● **YOUR TASK**:
Each entry needs to be duplicated exactly.

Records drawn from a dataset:
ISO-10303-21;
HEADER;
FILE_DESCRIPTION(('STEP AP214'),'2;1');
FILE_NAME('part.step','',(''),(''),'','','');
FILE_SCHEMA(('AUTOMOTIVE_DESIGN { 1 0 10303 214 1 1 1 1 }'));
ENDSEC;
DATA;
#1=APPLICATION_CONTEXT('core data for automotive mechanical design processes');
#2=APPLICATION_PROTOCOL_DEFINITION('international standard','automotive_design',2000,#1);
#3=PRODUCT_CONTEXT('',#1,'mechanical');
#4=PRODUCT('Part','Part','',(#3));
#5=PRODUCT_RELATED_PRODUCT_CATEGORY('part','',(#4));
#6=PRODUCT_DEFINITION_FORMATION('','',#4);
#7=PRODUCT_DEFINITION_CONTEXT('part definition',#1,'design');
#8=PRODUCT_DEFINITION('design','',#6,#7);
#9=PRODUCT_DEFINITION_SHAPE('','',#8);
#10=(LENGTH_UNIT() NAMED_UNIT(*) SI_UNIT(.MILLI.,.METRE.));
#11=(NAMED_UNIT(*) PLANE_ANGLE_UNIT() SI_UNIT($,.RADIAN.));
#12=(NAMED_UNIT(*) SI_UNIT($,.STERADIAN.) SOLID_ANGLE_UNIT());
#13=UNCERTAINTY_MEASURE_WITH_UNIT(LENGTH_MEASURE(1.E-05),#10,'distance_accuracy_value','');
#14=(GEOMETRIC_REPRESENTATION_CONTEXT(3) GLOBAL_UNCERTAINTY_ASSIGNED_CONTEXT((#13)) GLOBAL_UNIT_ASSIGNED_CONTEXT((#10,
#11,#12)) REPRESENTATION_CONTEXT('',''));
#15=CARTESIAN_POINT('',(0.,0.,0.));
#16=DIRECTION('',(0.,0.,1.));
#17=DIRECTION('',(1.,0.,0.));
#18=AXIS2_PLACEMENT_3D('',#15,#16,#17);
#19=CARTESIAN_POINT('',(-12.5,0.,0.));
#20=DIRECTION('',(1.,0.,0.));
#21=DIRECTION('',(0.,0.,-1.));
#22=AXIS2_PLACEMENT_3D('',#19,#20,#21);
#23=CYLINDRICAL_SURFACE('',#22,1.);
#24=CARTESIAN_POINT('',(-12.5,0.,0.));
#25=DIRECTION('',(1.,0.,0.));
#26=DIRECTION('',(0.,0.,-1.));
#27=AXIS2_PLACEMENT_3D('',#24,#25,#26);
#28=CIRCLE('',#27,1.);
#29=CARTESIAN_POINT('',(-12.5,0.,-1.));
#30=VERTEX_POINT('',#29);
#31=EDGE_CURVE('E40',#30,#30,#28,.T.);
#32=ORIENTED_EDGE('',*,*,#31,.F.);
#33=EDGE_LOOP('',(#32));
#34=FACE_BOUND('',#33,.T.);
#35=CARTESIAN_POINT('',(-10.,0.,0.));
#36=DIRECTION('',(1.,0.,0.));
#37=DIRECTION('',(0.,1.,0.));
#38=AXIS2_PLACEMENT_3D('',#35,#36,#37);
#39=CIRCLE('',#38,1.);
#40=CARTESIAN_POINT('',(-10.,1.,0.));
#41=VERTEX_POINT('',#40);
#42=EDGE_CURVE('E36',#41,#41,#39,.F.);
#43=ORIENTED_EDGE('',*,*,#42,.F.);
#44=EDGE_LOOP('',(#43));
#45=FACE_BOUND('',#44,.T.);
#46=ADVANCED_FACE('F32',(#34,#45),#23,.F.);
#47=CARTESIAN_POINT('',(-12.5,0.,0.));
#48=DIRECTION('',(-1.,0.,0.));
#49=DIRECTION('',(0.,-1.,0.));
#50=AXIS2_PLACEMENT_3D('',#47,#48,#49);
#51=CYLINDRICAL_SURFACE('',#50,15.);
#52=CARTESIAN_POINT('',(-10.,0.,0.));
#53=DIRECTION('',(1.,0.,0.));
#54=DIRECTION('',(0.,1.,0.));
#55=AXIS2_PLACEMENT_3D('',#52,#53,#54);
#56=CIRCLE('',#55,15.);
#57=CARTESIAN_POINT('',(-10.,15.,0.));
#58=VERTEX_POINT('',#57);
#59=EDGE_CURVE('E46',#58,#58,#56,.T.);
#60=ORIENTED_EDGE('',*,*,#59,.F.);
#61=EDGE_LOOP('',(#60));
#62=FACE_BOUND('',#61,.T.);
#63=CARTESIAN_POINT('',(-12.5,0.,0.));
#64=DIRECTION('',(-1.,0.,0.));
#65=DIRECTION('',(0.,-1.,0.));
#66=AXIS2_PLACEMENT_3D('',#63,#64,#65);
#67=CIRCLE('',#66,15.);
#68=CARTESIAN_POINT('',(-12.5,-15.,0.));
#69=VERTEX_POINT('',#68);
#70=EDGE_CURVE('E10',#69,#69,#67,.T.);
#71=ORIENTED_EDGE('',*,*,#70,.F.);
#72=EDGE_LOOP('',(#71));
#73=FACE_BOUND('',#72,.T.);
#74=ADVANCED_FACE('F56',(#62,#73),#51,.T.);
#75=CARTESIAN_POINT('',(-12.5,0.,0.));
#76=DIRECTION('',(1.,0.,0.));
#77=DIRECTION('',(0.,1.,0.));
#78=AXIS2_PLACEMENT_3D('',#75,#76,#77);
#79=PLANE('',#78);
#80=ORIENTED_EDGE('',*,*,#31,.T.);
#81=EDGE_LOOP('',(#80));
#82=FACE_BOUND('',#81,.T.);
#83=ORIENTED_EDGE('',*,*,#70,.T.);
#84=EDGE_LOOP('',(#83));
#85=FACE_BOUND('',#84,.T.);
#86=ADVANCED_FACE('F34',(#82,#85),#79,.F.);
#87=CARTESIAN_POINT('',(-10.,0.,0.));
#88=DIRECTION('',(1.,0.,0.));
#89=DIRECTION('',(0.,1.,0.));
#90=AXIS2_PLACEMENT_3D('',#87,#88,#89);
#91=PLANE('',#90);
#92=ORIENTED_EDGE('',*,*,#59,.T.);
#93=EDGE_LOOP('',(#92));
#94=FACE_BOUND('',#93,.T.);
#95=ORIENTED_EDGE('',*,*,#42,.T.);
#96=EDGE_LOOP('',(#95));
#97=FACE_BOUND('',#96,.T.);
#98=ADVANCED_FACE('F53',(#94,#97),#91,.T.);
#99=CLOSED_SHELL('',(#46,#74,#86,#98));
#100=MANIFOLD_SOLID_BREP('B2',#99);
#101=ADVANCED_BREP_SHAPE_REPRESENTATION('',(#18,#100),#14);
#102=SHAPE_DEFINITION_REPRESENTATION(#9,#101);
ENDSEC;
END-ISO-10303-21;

● **COMPLETED TASK**:
ISO-10303-21;
HEADER;
FILE_DESCRIPTION(('STEP AP214'),'2;1');
FILE_NAME('part.step','',(''),(''),'','','');
FILE_SCHEMA(('AUTOMOTIVE_DESIGN { 1 0 10303 214 1 1 1 1 }'));
ENDSEC;
DATA;
#1=APPLICATION_CONTEXT('core data for automotive mechanical design processes');
#2=APPLICATION_PROTOCOL_DEFINITION('international standard','automotive_design',2000,#1);
#3=PRODUCT_CONTEXT('',#1,'mechanical');
#4=PRODUCT('Part','Part','',(#3));
#5=PRODUCT_RELATED_PRODUCT_CATEGORY('part','',(#4));
#6=PRODUCT_DEFINITION_FORMATION('','',#4);
#7=PRODUCT_DEFINITION_CONTEXT('part definition',#1,'design');
#8=PRODUCT_DEFINITION('design','',#6,#7);
#9=PRODUCT_DEFINITION_SHAPE('','',#8);
#10=(LENGTH_UNIT() NAMED_UNIT(*) SI_UNIT(.MILLI.,.METRE.));
#11=(NAMED_UNIT(*) PLANE_ANGLE_UNIT() SI_UNIT($,.RADIAN.));
#12=(NAMED_UNIT(*) SI_UNIT($,.STERADIAN.) SOLID_ANGLE_UNIT());
#13=UNCERTAINTY_MEASURE_WITH_UNIT(LENGTH_MEASURE(1.E-05),#10,'distance_accuracy_value','');
#14=(GEOMETRIC_REPRESENTATION_CONTEXT(3) GLOBAL_UNCERTAINTY_ASSIGNED_CONTEXT((#13)) GLOBAL_UNIT_ASSIGNED_CONTEXT((#10,
#11,#12)) REPRESENTATION_CONTEXT('',''));
#15=CARTESIAN_POINT('',(0.,0.,0.));
#16=DIRECTION('',(0.,0.,1.));
#17=DIRECTION('',(1.,0.,0.));
#18=AXIS2_PLACEMENT_3D('',#15,#16,#17);
#19=CARTESIAN_POINT('',(-12.5,0.,0.));
#20=DIRECTION('',(1.,0.,0.));
#21=DIRECTION('',(0.,0.,-1.));
#22=AXIS2_PLACEMENT_3D('',#19,#20,#21);
#23=CYLINDRICAL_SURFACE('',#22,1.);
#24=CARTESIAN_POINT('',(-12.5,0.,0.));
#25=DIRECTION('',(1.,0.,0.));
#26=DIRECTION('',(0.,0.,-1.));
#27=AXIS2_PLACEMENT_3D('',#24,#25,#26);
#28=CIRCLE('',#27,1.);
#29=CARTESIAN_POINT('',(-12.5,0.,-1.));
#30=VERTEX_POINT('',#29);
#31=EDGE_CURVE('E40',#30,#30,#28,.T.);
#32=ORIENTED_EDGE('',*,*,#31,.F.);
#33=EDGE_LOOP('',(#32));
#34=FACE_BOUND('',#33,.T.);
#35=CARTESIAN_POINT('',(-10.,0.,0.));
#36=DIRECTION('',(1.,0.,0.));
#37=DIRECTION('',(0.,1.,0.));
#38=AXIS2_PLACEMENT_3D('',#35,#36,#37);
#39=CIRCLE('',#38,1.);
#40=CARTESIAN_POINT('',(-10.,1.,0.));
#41=VERTEX_POINT('',#40);
#42=EDGE_CURVE('E36',#41,#41,#39,.F.);
#43=ORIENTED_EDGE('',*,*,#42,.F.);
#44=EDGE_LOOP('',(#43));
#45=FACE_BOUND('',#44,.T.);
#46=ADVANCED_FACE('F32',(#34,#45),#23,.F.);
#47=CARTESIAN_POINT('',(-12.5,0.,0.));
#48=DIRECTION('',(-1.,0.,0.));
#49=DIRECTION('',(0.,-1.,0.));
#50=AXIS2_PLACEMENT_3D('',#47,#48,#49);
#51=CYLINDRICAL_SURFACE('',#50,15.);
#52=CARTESIAN_POINT('',(-10.,0.,0.));
#53=DIRECTION('',(1.,0.,0.));
#54=DIRECTION('',(0.,1.,0.));
#55=AXIS2_PLACEMENT_3D('',#52,#53,#54);
#56=CIRCLE('',#55,15.);
#57=CARTESIAN_POINT('',(-10.,15.,0.));
#58=VERTEX_POINT('',#57);
#59=EDGE_CURVE('E46',#58,#58,#56,.T.);
#60=ORIENTED_EDGE('',*,*,#59,.F.);
#61=EDGE_LOOP('',(#60));
#62=FACE_BOUND('',#61,.T.);
#63=CARTESIAN_POINT('',(-12.5,0.,0.));
#64=DIRECTION('',(-1.,0.,0.));
#65=DIRECTION('',(0.,-1.,0.));
#66=AXIS2_PLACEMENT_3D('',#63,#64,#65);
#67=CIRCLE('',#66,15.);
#68=CARTESIAN_POINT('',(-12.5,-15.,0.));
#69=VERTEX_POINT('',#68);
#70=EDGE_CURVE('E10',#69,#69,#67,.T.);
#71=ORIENTED_EDGE('',*,*,#70,.F.);
#72=EDGE_LOOP('',(#71));
#73=FACE_BOUND('',#72,.T.);
#74=ADVANCED_FACE('F56',(#62,#73),#51,.T.);
#75=CARTESIAN_POINT('',(-12.5,0.,0.));
#76=DIRECTION('',(1.,0.,0.));
#77=DIRECTION('',(0.,1.,0.));
#78=AXIS2_PLACEMENT_3D('',#75,#76,#77);
#79=PLANE('',#78);
#80=ORIENTED_EDGE('',*,*,#31,.T.);
#81=EDGE_LOOP('',(#80));
#82=FACE_BOUND('',#81,.T.);
#83=ORIENTED_EDGE('',*,*,#70,.T.);
#84=EDGE_LOOP('',(#83));
#85=FACE_BOUND('',#84,.T.);
#86=ADVANCED_FACE('F34',(#82,#85),#79,.F.);
#87=CARTESIAN_POINT('',(-10.,0.,0.));
#88=DIRECTION('',(1.,0.,0.));
#89=DIRECTION('',(0.,1.,0.));
#90=AXIS2_PLACEMENT_3D('',#87,#88,#89);
#91=PLANE('',#90);
#92=ORIENTED_EDGE('',*,*,#59,.T.);
#93=EDGE_LOOP('',(#92));
#94=FACE_BOUND('',#93,.T.);
#95=ORIENTED_EDGE('',*,*,#42,.T.);
#96=EDGE_LOOP('',(#95));
#97=FACE_BOUND('',#96,.T.);
#98=ADVANCED_FACE('F53',(#94,#97),#91,.T.);
#99=CLOSED_SHELL('',(#46,#74,#86,#98));
#100=MANIFOLD_SOLID_BREP('B2',#99);
#101=ADVANCED_BREP_SHAPE_REPRESENTATION('',(#18,#100),#14);
#102=SHAPE_DEFINITION_REPRESENTATION(#9,#101);
ENDSEC;
END-ISO-10303-21;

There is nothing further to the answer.